## The input:
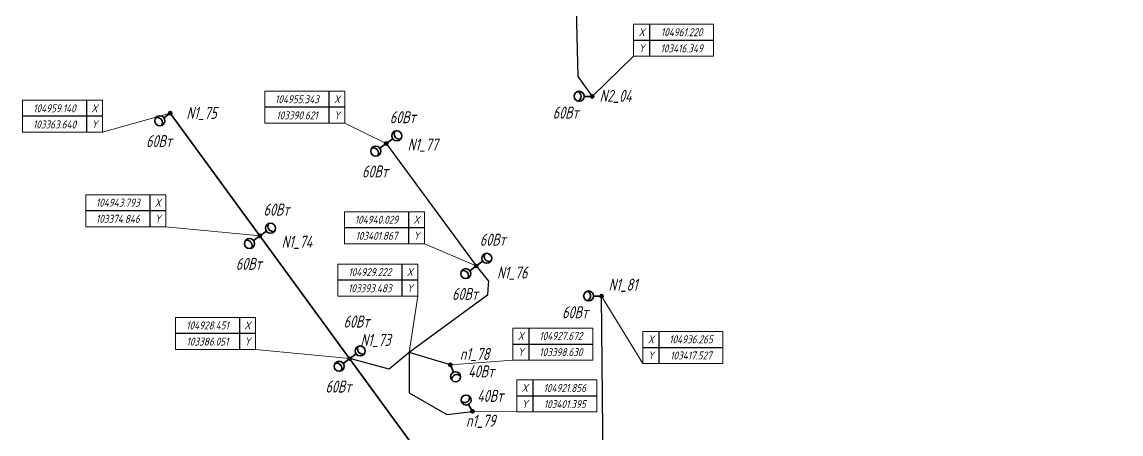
# Model space of a CAD drawing. Header units: millimetres. Extents: x -5263 to 103757798, y 0 to 105184226.
# Drawn here: x 103345109 to 103482416, y 104919023 to 104970531 of the extents above; entities that cross this region are included whole.
import ezdxf
from ezdxf import colors
from ezdxf.entities.mleader import LeaderData, LeaderLine
from ezdxf.enums import TextEntityAlignment as Align
from ezdxf.math import Vec2, Vec3

# ---------------------------------------------------------------- set-up
doc = ezdxf.new("R2010")
doc.units = ezdxf.units.MM
doc.set_wipeout_variables(frame=1)
for name, color, linetype, lineweight in [('ЭО_Пл_Опора', 10, 'Continuous', 35), ('ЭО_Пл_Опора_Светильники', 10, 'Continuous', 35), ('ЭО_Пл_Распред_Сеть', 10, 'Continuous', 35), ('ЭО_Пл_Светильники', 10, 'Continuous', 25), ('ЭО_Пл_Светильники_Текст', 10, 'Continuous', 20), ('ЭО_Пл_Сеть_Освещения_В земле', 3, 'ID_N', 30), ('ЭО_Пл_Сеть_Освещения_Текст', 10, 'Continuous', 20), ('ЭС_Координата', 7, 'Continuous', 25)]:
    doc.layers.add(name, color=color, linetype=linetype, lineweight=lineweight)
doc.layers.get('0').off()
doc.styles.add('ПБГС', font='simplex.shx', dxfattribs={"width": 0.8, "oblique": 15})
doc.linetypes.add('ID_N', pattern='A,0,3,-3,["N",ПБГС,S=1.2,R=0,X=-1,Y=-0.5],-3,6', length=15)

# ---------------------------------------------------------------- blocks, each defined once
blk = doc.blocks.new('_None')
blk = doc.blocks.new('промежуточная')
h = blk.add_hatch(color=255)
edge = h.paths.add_edge_path()
edge.add_arc((0, 0), 0.833, 0, 360)
at = {"lineweight": 30}
blk.add_circle((0, 0), 0.833, dxfattribs=at)
blk = doc.blocks.new('*U24')
at = {"layer": 'ЭО_Пл_Светильники'}
blk.add_line((0, 2), (0, 0), dxfattribs=at)
at = {"layer": 'ЭО_Пл_Светильники', "linetype": 'ByBlock', "xscale": 250, "yscale": 250, "zscale": 250}
blk.add_blockref('промежуточная', (0, 0), dxfattribs=at)
at = {"style": 'ПБГС', "oblique": 15, "width": 0.7, "flags": 1}
blk.add_attdef('NAME', (0, -6), '', height=3.5, dxfattribs=at)
at = {"layer": 'ЭО_Пл_Светильники_Текст', "style": 'ПБГС', "oblique": 15, "width": 0.7, "flags": 1}
for tag, p in [('TYPE', (0, 0)), ('MANUFACTURER', (0, -12)), ('SPECIFICATION_SECTION', (0, -18)), ('POWER', (0, -24)), ('GROUP', (0, -30))]:
    blk.add_attdef(tag, p, '', height=3.5, dxfattribs=at)
at = {"layer": 'ЭО_Пл_Светильники_Текст', "style": 'ПБГС', "oblique": 15, "width": 0.7}
blk.add_attdef('N_PYLON', (-805, -1919), '', height=1500, dxfattribs=at)
blk = doc.blocks.new('*U439')
at = {"layer": 'ЭО_Пл_Светильники'}
blk.add_line((0, 2), (0, 0), dxfattribs=at)
at = {"layer": 'ЭО_Пл_Светильники', "linetype": 'ByBlock', "xscale": 250, "yscale": 250, "zscale": 250}
blk.add_blockref('промежуточная', (0, 0), dxfattribs=at)
at = {"style": 'ПБГС', "oblique": 15, "width": 0.7, "flags": 1}
blk.add_attdef('NAME', (0, -6), '', height=3.5, dxfattribs=at)
at = {"layer": 'ЭО_Пл_Светильники_Текст', "style": 'ПБГС', "oblique": 15, "width": 0.7}
blk.add_attdef('N_PYLON', (1338, 1582), '', height=1500, dxfattribs=at)
at = {"layer": 'ЭО_Пл_Светильники_Текст', "style": 'ПБГС', "oblique": 15, "width": 0.7, "flags": 1}
for tag, p in [('TYPE', (0, 0)), ('MANUFACTURER', (0, -12)), ('SPECIFICATION_SECTION', (0, -18)), ('POWER', (0, -24)), ('GROUP', (0, -30))]:
    blk.add_attdef(tag, p, '', height=3.5, dxfattribs=at)
blk = doc.blocks.new('*U223')
at = {"layer": 'ЭО_Пл_Светильники'}
blk.add_line((0, 2), (0, 0), dxfattribs=at)
at = {"layer": 'ЭО_Пл_Светильники', "linetype": 'ByBlock', "xscale": 250, "yscale": 250, "zscale": 250}
blk.add_blockref('промежуточная', (0, 0), dxfattribs=at)
at = {"style": 'ПБГС', "oblique": 15, "width": 0.7, "flags": 1}
blk.add_attdef('NAME', (0, -6), '', height=3.5, dxfattribs=at)
at = {"layer": 'ЭО_Пл_Светильники_Текст', "style": 'ПБГС', "oblique": 15, "width": 0.7, "flags": 1}
for tag, p in [('TYPE', (0, 0)), ('MANUFACTURER', (0, -12)), ('SPECIFICATION_SECTION', (0, -18)), ('POWER', (0, -24)), ('GROUP', (0, -30))]:
    blk.add_attdef(tag, p, '', height=3.5, dxfattribs=at)
at = {"layer": 'ЭО_Пл_Светильники_Текст', "style": 'ПБГС', "oblique": 15, "width": 0.7}
blk.add_attdef('N_PYLON', (2698, -1489), '', height=1500, dxfattribs=at)
blk = doc.blocks.new('*U222')
at = {"layer": 'ЭО_Пл_Светильники'}
blk.add_line((0, 2), (0, 0), dxfattribs=at)
at = {"layer": 'ЭО_Пл_Светильники', "linetype": 'ByBlock', "xscale": 250, "yscale": 250, "zscale": 250}
blk.add_blockref('промежуточная', (0, 0), dxfattribs=at)
at = {"style": 'ПБГС', "oblique": 15, "width": 0.7, "flags": 1}
blk.add_attdef('NAME', (0, -6), '', height=3.5, dxfattribs=at)
at = {"layer": 'ЭО_Пл_Светильники_Текст', "style": 'ПБГС', "oblique": 15, "width": 0.7, "flags": 1}
for tag, p in [('TYPE', (0, 0)), ('MANUFACTURER', (0, -12)), ('SPECIFICATION_SECTION', (0, -18)), ('POWER', (0, -24)), ('GROUP', (0, -30))]:
    blk.add_attdef(tag, p, '', height=3.5, dxfattribs=at)
at = {"layer": 'ЭО_Пл_Светильники_Текст', "style": 'ПБГС', "oblique": 15, "width": 0.7}
blk.add_attdef('N_PYLON', (2007, -727), '', height=1500, dxfattribs=at)
blk = doc.blocks.new('*U488')
at = {"layer": 'ЭО_Пл_Светильники'}
blk.add_line((0, 2), (0, 0), dxfattribs=at)
at = {"layer": 'ЭО_Пл_Светильники', "linetype": 'ByBlock', "xscale": 250, "yscale": 250, "zscale": 250}
blk.add_blockref('промежуточная', (0, 0), dxfattribs=at)
at = {"style": 'ПБГС', "oblique": 15, "width": 0.7, "flags": 1}
blk.add_attdef('NAME', (0, -6), '', height=3.5, dxfattribs=at)
at = {"layer": 'ЭО_Пл_Светильники_Текст', "style": 'ПБГС', "oblique": 15, "width": 0.7, "flags": 1}
for tag, p in [('TYPE', (0, 0)), ('MANUFACTURER', (0, -12)), ('SPECIFICATION_SECTION', (0, -18)), ('POWER', (0, -24)), ('GROUP', (0, -30))]:
    blk.add_attdef(tag, p, '', height=3.5, dxfattribs=at)
at = {"layer": 'ЭО_Пл_Светильники_Текст', "style": 'ПБГС', "oblique": 15, "width": 0.7}
blk.add_attdef('N_PYLON', (922, -668), '', height=1500, dxfattribs=at)
blk = doc.blocks.new('*U55')
at = {"layer": 'ЭО_Пл_Светильники'}
blk.add_line((0, 2), (0, 0), dxfattribs=at)
at = {"layer": 'ЭО_Пл_Светильники', "linetype": 'ByBlock', "xscale": 250, "yscale": 250, "zscale": 250}
blk.add_blockref('промежуточная', (0, 0), dxfattribs=at)
at = {"style": 'ПБГС', "oblique": 15, "width": 0.7, "flags": 1}
blk.add_attdef('NAME', (0, -6), '', height=3.5, dxfattribs=at)
at = {"layer": 'ЭО_Пл_Светильники_Текст', "style": 'ПБГС', "oblique": 15, "width": 0.7}
blk.add_attdef('N_PYLON', (864, 675), '', height=1500, dxfattribs=at)
at = {"layer": 'ЭО_Пл_Светильники_Текст', "style": 'ПБГС', "oblique": 15, "width": 0.7, "flags": 1}
for tag, p in [('TYPE', (0, 0)), ('MANUFACTURER', (0, -12)), ('SPECIFICATION_SECTION', (0, -18)), ('POWER', (0, -24)), ('GROUP', (0, -30))]:
    blk.add_attdef(tag, p, '', height=3.5, dxfattribs=at)
blk = doc.blocks.new('*U226')
at = {"layer": 'ЭО_Пл_Светильники'}
blk.add_line((0, 2), (0, 0), dxfattribs=at)
at = {"layer": 'ЭО_Пл_Светильники', "linetype": 'ByBlock', "xscale": 250, "yscale": 250, "zscale": 250}
blk.add_blockref('промежуточная', (0, 0), dxfattribs=at)
at = {"style": 'ПБГС', "oblique": 15, "width": 0.7, "flags": 1}
blk.add_attdef('NAME', (0, -6), '', height=3.5, dxfattribs=at)
at = {"layer": 'ЭО_Пл_Светильники_Текст', "style": 'ПБГС', "oblique": 15, "width": 0.7, "flags": 1}
for tag, p in [('TYPE', (0, 0)), ('MANUFACTURER', (0, -12)), ('SPECIFICATION_SECTION', (0, -18)), ('POWER', (0, -24)), ('GROUP', (0, -30))]:
    blk.add_attdef(tag, p, '', height=3.5, dxfattribs=at)
at = {"layer": 'ЭО_Пл_Светильники_Текст', "style": 'ПБГС', "oblique": 15, "width": 0.7}
blk.add_attdef('N_PYLON', (2662, -879), '', height=1500, dxfattribs=at)
blk = doc.blocks.new('*U225')
at = {"layer": 'ЭО_Пл_Светильники'}
blk.add_line((0, 2), (0, 0), dxfattribs=at)
at = {"layer": 'ЭО_Пл_Светильники', "linetype": 'ByBlock', "xscale": 250, "yscale": 250, "zscale": 250}
blk.add_blockref('промежуточная', (0, 0), dxfattribs=at)
at = {"style": 'ПБГС', "oblique": 15, "width": 0.7, "flags": 1}
blk.add_attdef('NAME', (0, -6), '', height=3.5, dxfattribs=at)
at = {"layer": 'ЭО_Пл_Светильники_Текст', "style": 'ПБГС', "oblique": 15, "width": 0.7, "flags": 1}
for tag, p in [('TYPE', (0, 0)), ('MANUFACTURER', (0, -12)), ('SPECIFICATION_SECTION', (0, -18)), ('POWER', (0, -24)), ('GROUP', (0, -30))]:
    blk.add_attdef(tag, p, '', height=3.5, dxfattribs=at)
at = {"layer": 'ЭО_Пл_Светильники_Текст', "style": 'ПБГС', "oblique": 15, "width": 0.7}
blk.add_attdef('N_PYLON', (2592, -1572), '', height=1500, dxfattribs=at)
blk = doc.blocks.new('*U112')
at = {"layer": 'ЭО_Пл_Светильники'}
blk.add_line((0, 2), (0, 0), dxfattribs=at)
at = {"layer": 'ЭО_Пл_Светильники', "linetype": 'ByBlock', "xscale": 250, "yscale": 250, "zscale": 250}
blk.add_blockref('промежуточная', (0, 0), dxfattribs=at)
at = {"style": 'ПБГС', "oblique": 15, "width": 0.7, "flags": 1}
blk.add_attdef('NAME', (0, -6), '', height=3.5, dxfattribs=at)
at = {"layer": 'ЭО_Пл_Светильники_Текст', "style": 'ПБГС', "oblique": 15, "width": 0.7}
blk.add_attdef('N_PYLON', (1185, 608), '', height=1500, dxfattribs=at)
at = {"layer": 'ЭО_Пл_Светильники_Текст', "style": 'ПБГС', "oblique": 15, "width": 0.7, "flags": 1}
for tag, p in [('TYPE', (0, 0)), ('MANUFACTURER', (0, -12)), ('SPECIFICATION_SECTION', (0, -18)), ('POWER', (0, -24)), ('GROUP', (0, -30))]:
    blk.add_attdef(tag, p, '', height=3.5, dxfattribs=at)
blk = doc.blocks.new('*U167')
at = {"layer": 'ЭО_Пл_Опора_Светильники'}
h = blk.add_hatch(color=256, dxfattribs=at)
h.dxf.hatch_style = 1
h.paths.add_polyline_path([(2, 199, 1), (-2, -199, 1)])
blk.add_line((-1000, 11), (0, 0), dxfattribs=at)
for centre, radius in [((-1625, 18), 625), ((0, 0), 199)]:
    blk.add_circle(centre, radius, dxfattribs=at)
blk.add_arc((-2000, 22), 625, 286.8307, 71.9155, dxfattribs=at)
at = {"style": 'ПБГС', "oblique": 15, "width": 0.7, "flags": 1}
for tag, p, height in [('TYPE', (-1704, -2539), 525000), ('NAME', (0, -3506), 875), ('MANUFACTURER', (0, -5006), 875), ('SPECIFICATION_SECTION', (0, -6506), 875), ('GROUP', (0, -9506), 875)]:
    blk.add_attdef(tag, p, '', height=height, dxfattribs=at)
at = {"layer": 'ЭО_Пл_Светильники_Текст', "style": 'ПБГС', "oblique": 15, "width": 0.7}
blk.add_attdef('POWER', (-4932, -2772), '', height=1500, dxfattribs=at)
blk = doc.blocks.new('*U215')
at = {"layer": 'ЭО_Пл_Опора_Светильники'}
h = blk.add_hatch(color=256, dxfattribs=at)
h.dxf.hatch_style = 1
h.paths.add_polyline_path([(-117, 161, 1), (117, -161, 1)])
blk.add_line((-807, -590), (0, 0), dxfattribs=at)
for centre, radius in [((0, 0), 199), ((-1312, -959), 625)]:
    blk.add_circle(centre, radius, dxfattribs=at)
blk.add_arc((-1614, -1181), 625, 323.64541, 108.7302, dxfattribs=at)
at = {"style": 'ПБГС', "oblique": 15, "width": 0.7, "flags": 1}
for tag, p, height in [('TYPE', (-1704, -2539), 525000), ('NAME', (0, -3506), 875), ('MANUFACTURER', (0, -5006), 875), ('SPECIFICATION_SECTION', (0, -6506), 875), ('GROUP', (0, -9506), 875)]:
    blk.add_attdef(tag, p, '', height=height, dxfattribs=at)
at = {"layer": 'ЭО_Пл_Светильники_Текст', "style": 'ПБГС', "oblique": 15, "width": 0.7}
blk.add_attdef('POWER', (-3027, -4245), '', height=1500, dxfattribs=at)
blk = doc.blocks.new('*U214')
at = {"layer": 'ЭО_Пл_Опора_Светильники'}
h = blk.add_hatch(color=256, dxfattribs=at)
h.dxf.hatch_style = 1
h.paths.add_polyline_path([(117, -161, 1), (-117, 161, 1)])
blk.add_line((808, 590), (0, 0), dxfattribs=at)
for centre, radius in [((1312, 958), 625), ((0, 0), 199)]:
    blk.add_circle(centre, radius, dxfattribs=at)
blk.add_arc((1615, 1179), 625, 143.5876, 288.6724, dxfattribs=at)
at = {"style": 'ПБГС', "oblique": 15, "width": 0.7, "flags": 1}
for tag, p, height in [('TYPE', (-1704, -2539), 525000), ('NAME', (0, -3506), 875), ('MANUFACTURER', (0, -5006), 875), ('SPECIFICATION_SECTION', (0, -6506), 875), ('GROUP', (0, -9506), 875)]:
    blk.add_attdef(tag, p, '', height=height, dxfattribs=at)
at = {"layer": 'ЭО_Пл_Светильники_Текст', "style": 'ПБГС', "oblique": 15, "width": 0.7}
blk.add_attdef('POWER', (440, 2533), '', height=1500, dxfattribs=at)
blk = doc.blocks.new('*U440')
at = {"layer": 'ЭО_Пл_Опора_Светильники'}
h = blk.add_hatch(color=256, dxfattribs=at)
h.dxf.hatch_style = 1
h.paths.add_polyline_path([(117, -161, 1), (-117, 161, 1)])
blk.add_line((808, 590), (0, 0), dxfattribs=at)
for centre, radius in [((1312, 958), 625), ((0, 0), 199)]:
    blk.add_circle(centre, radius, dxfattribs=at)
blk.add_arc((1615, 1179), 625, 143.5876, 288.6724, dxfattribs=at)
at = {"style": 'ПБГС', "oblique": 15, "width": 0.7, "flags": 1}
for tag, p, height in [('TYPE', (-1704, -2539), 525000), ('NAME', (0, -3506), 875), ('MANUFACTURER', (0, -5006), 875), ('SPECIFICATION_SECTION', (0, -6506), 875), ('GROUP', (0, -9506), 875)]:
    blk.add_attdef(tag, p, '', height=height, dxfattribs=at)
at = {"layer": 'ЭО_Пл_Светильники_Текст', "style": 'ПБГС', "oblique": 15, "width": 0.7}
blk.add_attdef('POWER', (-766, 3882), '', height=1500, dxfattribs=at)
blk = doc.blocks.new('*U400')
at = {"layer": 'ЭО_Пл_Опора_Светильники'}
h = blk.add_hatch(color=256, dxfattribs=at)
h.dxf.hatch_style = 1
h.paths.add_polyline_path([(173, 98, 1), (-173, -98, 1)])
blk.add_line((-491, 871), (0, 0), dxfattribs=at)
for centre, radius in [((-799, 1415), 625), ((0, 0), 199)]:
    blk.add_circle(centre, radius, dxfattribs=at)
blk.add_arc((-983, 1742), 625, 226.89149, 11.97628, dxfattribs=at)
at = {"style": 'ПБГС', "oblique": 15, "width": 0.7, "flags": 1}
for tag, p, height in [('TYPE', (-1704, -2539), 525000), ('NAME', (0, -3506), 875), ('MANUFACTURER', (0, -5006), 875), ('SPECIFICATION_SECTION', (0, -6506), 875), ('GROUP', (0, -9506), 875)]:
    blk.add_attdef(tag, p, '', height=height, dxfattribs=at)
at = {"layer": 'ЭО_Пл_Светильники_Текст', "style": 'ПБГС', "oblique": 15, "width": 0.7}
blk.add_attdef('POWER', (571, 1182), '', height=1500, dxfattribs=at)
blk = doc.blocks.new('*U401')
at = {"layer": 'ЭО_Пл_Опора_Светильники'}
h = blk.add_hatch(color=256, dxfattribs=at)
h.dxf.hatch_style = 1
h.paths.add_polyline_path([(-182, -80, 1), (182, 80, 1)])
blk.add_line((400, -916), (0, 0), dxfattribs=at)
for centre, radius in [((0, 0), 199), ((650, -1489), 625)]:
    blk.add_circle(centre, radius, dxfattribs=at)
blk.add_arc((801, -1833), 625, 41.05196, 186.13676, dxfattribs=at)
at = {"style": 'ПБГС', "oblique": 15, "width": 0.7, "flags": 1}
for tag, p, height in [('TYPE', (-1704, -2539), 525000), ('NAME', (0, -3506), 875), ('MANUFACTURER', (0, -5006), 875), ('SPECIFICATION_SECTION', (0, -6506), 875), ('GROUP', (0, -9506), 875)]:
    blk.add_attdef(tag, p, '', height=height, dxfattribs=at)
at = {"layer": 'ЭО_Пл_Светильники_Текст', "style": 'ПБГС', "oblique": 15, "width": 0.7}
blk.add_attdef('POWER', (2206, -1562), '', height=1500, dxfattribs=at)
blk = doc.blocks.new('*U487')
blk.add_wipeout([(10.35, 10.06), (10.35, 18.06), (30.35, 18.06), (30.35, 10.06)])
at = {"lineweight": 0}
blk.add_line((10.35, 10.06), (0, 0), dxfattribs=at)
at = {"color": 0, "lineweight": 0, "transparency": 16777216}
for points in [[(10.35, 18.06), (10.35, 10.06), (10.35, 10.06), (10.35, 10.06)], [(10.35, 18.06), (30.35, 18.06)], [(30.35, 18.06), (30.35, 10.06), (30.35, 10.06), (30.35, 10.06)], [(10.35, 10.06), (30.35, 10.06)]]:
    blk.add_lwpolyline(points, dxfattribs=at)
at = {"transparency": 16777216}
for points in [[(14.35, 18.06), (14.35, 10.06)], [(10.35, 14.06), (30.35, 14.06)]]:
    blk.add_lwpolyline(points, dxfattribs=at)
at = {"color": 7, "transparency": 16777216, "char_height": 2, "width": 4, "attachment_point": 5, "style": 'ПБГС'}
for s, insert in [('X', (12.35, 16.06)), ('Y', (12.35, 12.06))]:
    blk.add_mtext(s, dxfattribs=dict(at, insert=insert))
at = {"color": 250, "transparency": 16777216, "style": 'ПБГС', "oblique": 15, "width": 0.8, "flags": 8}
for tag, p in [('КООРДИНАТАY', (22.35, 16.06)), ('КООРДИНАТАX', (22.35, 12.02))]:
    blk.add_attdef(tag, text='', height=2, dxfattribs=at).set_placement(p, align=Align.MIDDLE_CENTER)
blk = doc.blocks.new('*U491')
blk.add_wipeout([(10.31, -16.81), (10.31, -8.81), (30.31, -8.81), (30.31, -16.81)])
at = {"lineweight": 0}
blk.add_line((10.31, -16.81), (0, 0), dxfattribs=at)
at = {"color": 0, "lineweight": 0, "transparency": 16777216}
for points in [[(10.31, -8.81), (10.31, -16.81), (10.31, -16.81), (10.31, -16.81)], [(10.31, -8.81), (30.31, -8.81)], [(30.31, -8.81), (30.31, -16.81), (30.31, -16.81), (30.31, -16.81)], [(10.31, -16.81), (30.31, -16.81)]]:
    blk.add_lwpolyline(points, dxfattribs=at)
at = {"transparency": 16777216}
for points in [[(14.31, -8.81), (14.31, -16.81)], [(10.31, -12.81), (30.31, -12.81)]]:
    blk.add_lwpolyline(points, dxfattribs=at)
at = {"color": 7, "transparency": 16777216, "char_height": 2, "width": 4, "attachment_point": 5, "style": 'ПБГС'}
for s, insert in [('X', (12.31, -10.81)), ('Y', (12.31, -14.81))]:
    blk.add_mtext(s, dxfattribs=dict(at, insert=insert))
at = {"color": 250, "transparency": 16777216, "style": 'ПБГС', "oblique": 15, "width": 0.8, "flags": 8}
for tag, p in [('КООРДИНАТАY', (22.31, -10.81)), ('КООРДИНАТАX', (22.31, -14.85))]:
    blk.add_attdef(tag, text='', height=2, dxfattribs=at).set_placement(p, align=Align.MIDDLE_CENTER)
blk = doc.blocks.new('*U538')
blk.add_wipeout([(-16.95, -4.8), (-16.95, 3.2), (-36.95, 3.2), (-36.95, -4.8)])
at = {"lineweight": 0}
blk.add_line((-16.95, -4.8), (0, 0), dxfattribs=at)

## Work to be completed:
Take from the listing above each line containing "import".

## Task solution:
import ezdxf
from ezdxf import colors
from ezdxf.entities.mleader import LeaderData, LeaderLine
from ezdxf.enums import TextEntityAlignment as Align
from ezdxf.math import Vec2, Vec3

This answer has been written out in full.